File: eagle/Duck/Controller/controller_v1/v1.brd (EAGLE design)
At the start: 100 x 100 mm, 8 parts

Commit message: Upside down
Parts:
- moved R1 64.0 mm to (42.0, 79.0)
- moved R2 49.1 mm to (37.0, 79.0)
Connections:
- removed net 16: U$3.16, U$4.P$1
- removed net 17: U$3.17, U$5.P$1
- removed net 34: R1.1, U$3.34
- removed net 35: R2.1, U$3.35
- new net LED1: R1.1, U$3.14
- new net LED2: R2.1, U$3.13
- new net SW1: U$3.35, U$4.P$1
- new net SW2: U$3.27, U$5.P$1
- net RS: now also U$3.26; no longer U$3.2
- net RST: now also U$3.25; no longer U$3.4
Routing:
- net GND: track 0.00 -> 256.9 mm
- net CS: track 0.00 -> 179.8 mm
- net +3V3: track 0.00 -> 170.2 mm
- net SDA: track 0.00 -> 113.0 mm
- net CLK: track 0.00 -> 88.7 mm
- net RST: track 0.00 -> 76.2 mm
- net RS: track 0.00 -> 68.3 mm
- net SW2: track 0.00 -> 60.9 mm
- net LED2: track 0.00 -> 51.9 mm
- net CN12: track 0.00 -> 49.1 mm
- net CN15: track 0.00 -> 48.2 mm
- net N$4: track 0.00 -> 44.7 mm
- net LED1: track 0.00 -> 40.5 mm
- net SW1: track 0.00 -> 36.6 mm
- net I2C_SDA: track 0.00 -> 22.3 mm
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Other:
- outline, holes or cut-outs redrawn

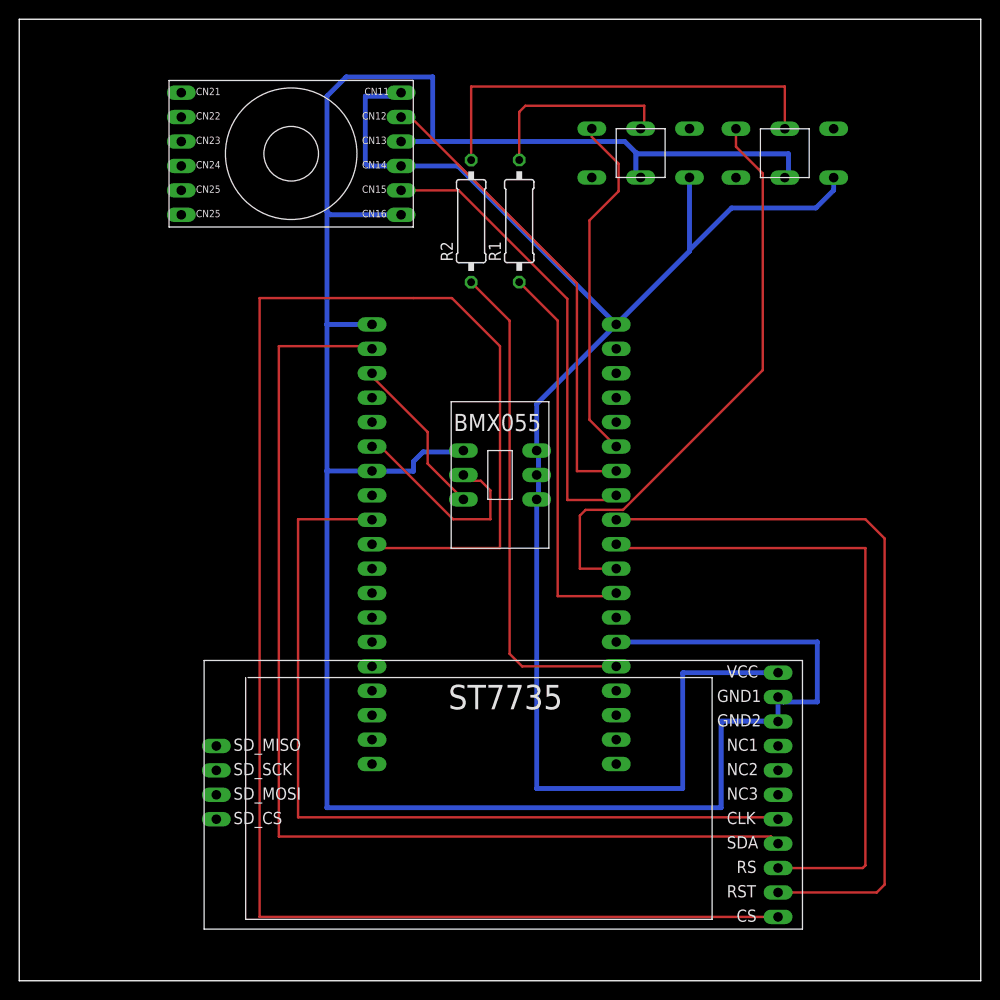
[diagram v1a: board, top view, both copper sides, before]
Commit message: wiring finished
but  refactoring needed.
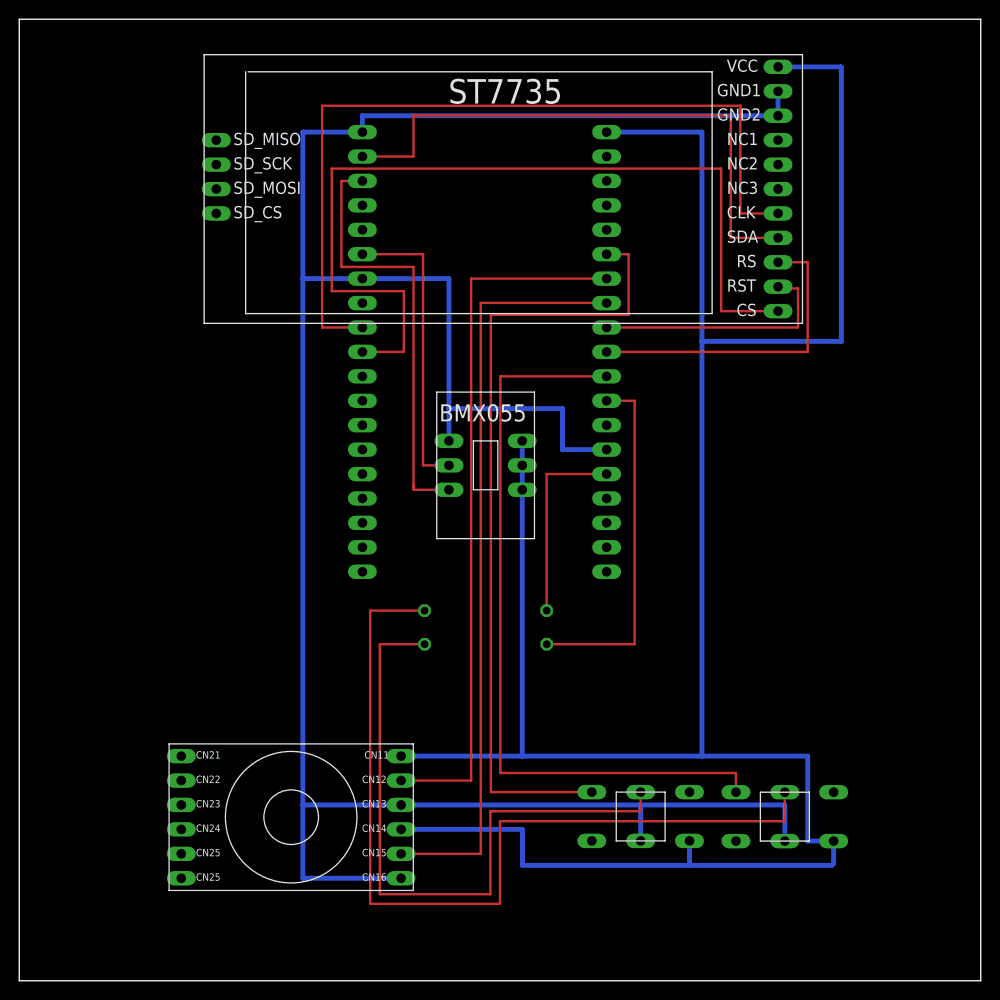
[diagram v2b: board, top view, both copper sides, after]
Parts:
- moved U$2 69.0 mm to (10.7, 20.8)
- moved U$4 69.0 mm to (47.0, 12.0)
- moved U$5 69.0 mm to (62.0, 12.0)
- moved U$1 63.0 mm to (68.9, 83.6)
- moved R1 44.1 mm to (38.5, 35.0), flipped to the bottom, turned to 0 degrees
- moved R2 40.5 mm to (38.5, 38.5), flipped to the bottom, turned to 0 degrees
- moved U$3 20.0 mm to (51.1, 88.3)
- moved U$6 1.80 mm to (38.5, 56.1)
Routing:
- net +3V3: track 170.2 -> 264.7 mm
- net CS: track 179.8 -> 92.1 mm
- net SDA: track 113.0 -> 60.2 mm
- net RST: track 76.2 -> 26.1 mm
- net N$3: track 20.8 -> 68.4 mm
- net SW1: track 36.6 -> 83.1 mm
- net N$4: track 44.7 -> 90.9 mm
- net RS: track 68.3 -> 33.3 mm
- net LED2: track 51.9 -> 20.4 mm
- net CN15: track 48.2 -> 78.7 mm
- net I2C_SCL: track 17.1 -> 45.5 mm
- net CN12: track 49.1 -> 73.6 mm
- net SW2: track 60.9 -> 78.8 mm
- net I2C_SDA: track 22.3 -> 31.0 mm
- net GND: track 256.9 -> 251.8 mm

----------

= Problem to solve =
Every line above is to be repeated exactly, but no picture is to appear in the copy.

= Worked solution =
File: eagle/Duck/Controller/controller_v1/v1.brd (EAGLE design)
At the start: 100 x 100 mm, 8 parts

Commit message: Upside down
Parts:
- moved R1 64.0 mm to (42.0, 79.0)
- moved R2 49.1 mm to (37.0, 79.0)
Connections:
- removed net 16: U$3.16, U$4.P$1
- removed net 17: U$3.17, U$5.P$1
- removed net 34: R1.1, U$3.34
- removed net 35: R2.1, U$3.35
- new net LED1: R1.1, U$3.14
- new net LED2: R2.1, U$3.13
- new net SW1: U$3.35, U$4.P$1
- new net SW2: U$3.27, U$5.P$1
- net RS: now also U$3.26; no longer U$3.2
- net RST: now also U$3.25; no longer U$3.4
Routing:
- net GND: track 0.00 -> 256.9 mm
- net CS: track 0.00 -> 179.8 mm
- net +3V3: track 0.00 -> 170.2 mm
- net SDA: track 0.00 -> 113.0 mm
- net CLK: track 0.00 -> 88.7 mm
- net RST: track 0.00 -> 76.2 mm
- net RS: track 0.00 -> 68.3 mm
- net SW2: track 0.00 -> 60.9 mm
- net LED2: track 0.00 -> 51.9 mm
- net CN12: track 0.00 -> 49.1 mm
- net CN15: track 0.00 -> 48.2 mm
- net N$4: track 0.00 -> 44.7 mm
- net LED1: track 0.00 -> 40.5 mm
- net SW1: track 0.00 -> 36.6 mm
- net I2C_SDA: track 0.00 -> 22.3 mm
Other:
- outline, holes or cut-outs redrawn

[diagram v1a: board, top view, both copper sides, before]
Commit message: wiring finished
but  refactoring needed.
[diagram v2b: board, top view, both copper sides, after]
Parts:
- moved U$2 69.0 mm to (10.7, 20.8)
- moved U$4 69.0 mm to (47.0, 12.0)
- moved U$5 69.0 mm to (62.0, 12.0)
- moved U$1 63.0 mm to (68.9, 83.6)
- moved R1 44.1 mm to (38.5, 35.0), flipped to the bottom, turned to 0 degrees
- moved R2 40.5 mm to (38.5, 38.5), flipped to the bottom, turned to 0 degrees
- moved U$3 20.0 mm to (51.1, 88.3)
- moved U$6 1.80 mm to (38.5, 56.1)
Routing:
- net +3V3: track 170.2 -> 264.7 mm
- net CS: track 179.8 -> 92.1 mm
- net SDA: track 113.0 -> 60.2 mm
- net RST: track 76.2 -> 26.1 mm
- net N$3: track 20.8 -> 68.4 mm
- net SW1: track 36.6 -> 83.1 mm
- net N$4: track 44.7 -> 90.9 mm
- net RS: track 68.3 -> 33.3 mm
- net LED2: track 51.9 -> 20.4 mm
- net CN15: track 48.2 -> 78.7 mm
- net I2C_SCL: track 17.1 -> 45.5 mm
- net CN12: track 49.1 -> 73.6 mm
- net SW2: track 60.9 -> 78.8 mm
- net I2C_SDA: track 22.3 -> 31.0 mm
- net GND: track 256.9 -> 251.8 mm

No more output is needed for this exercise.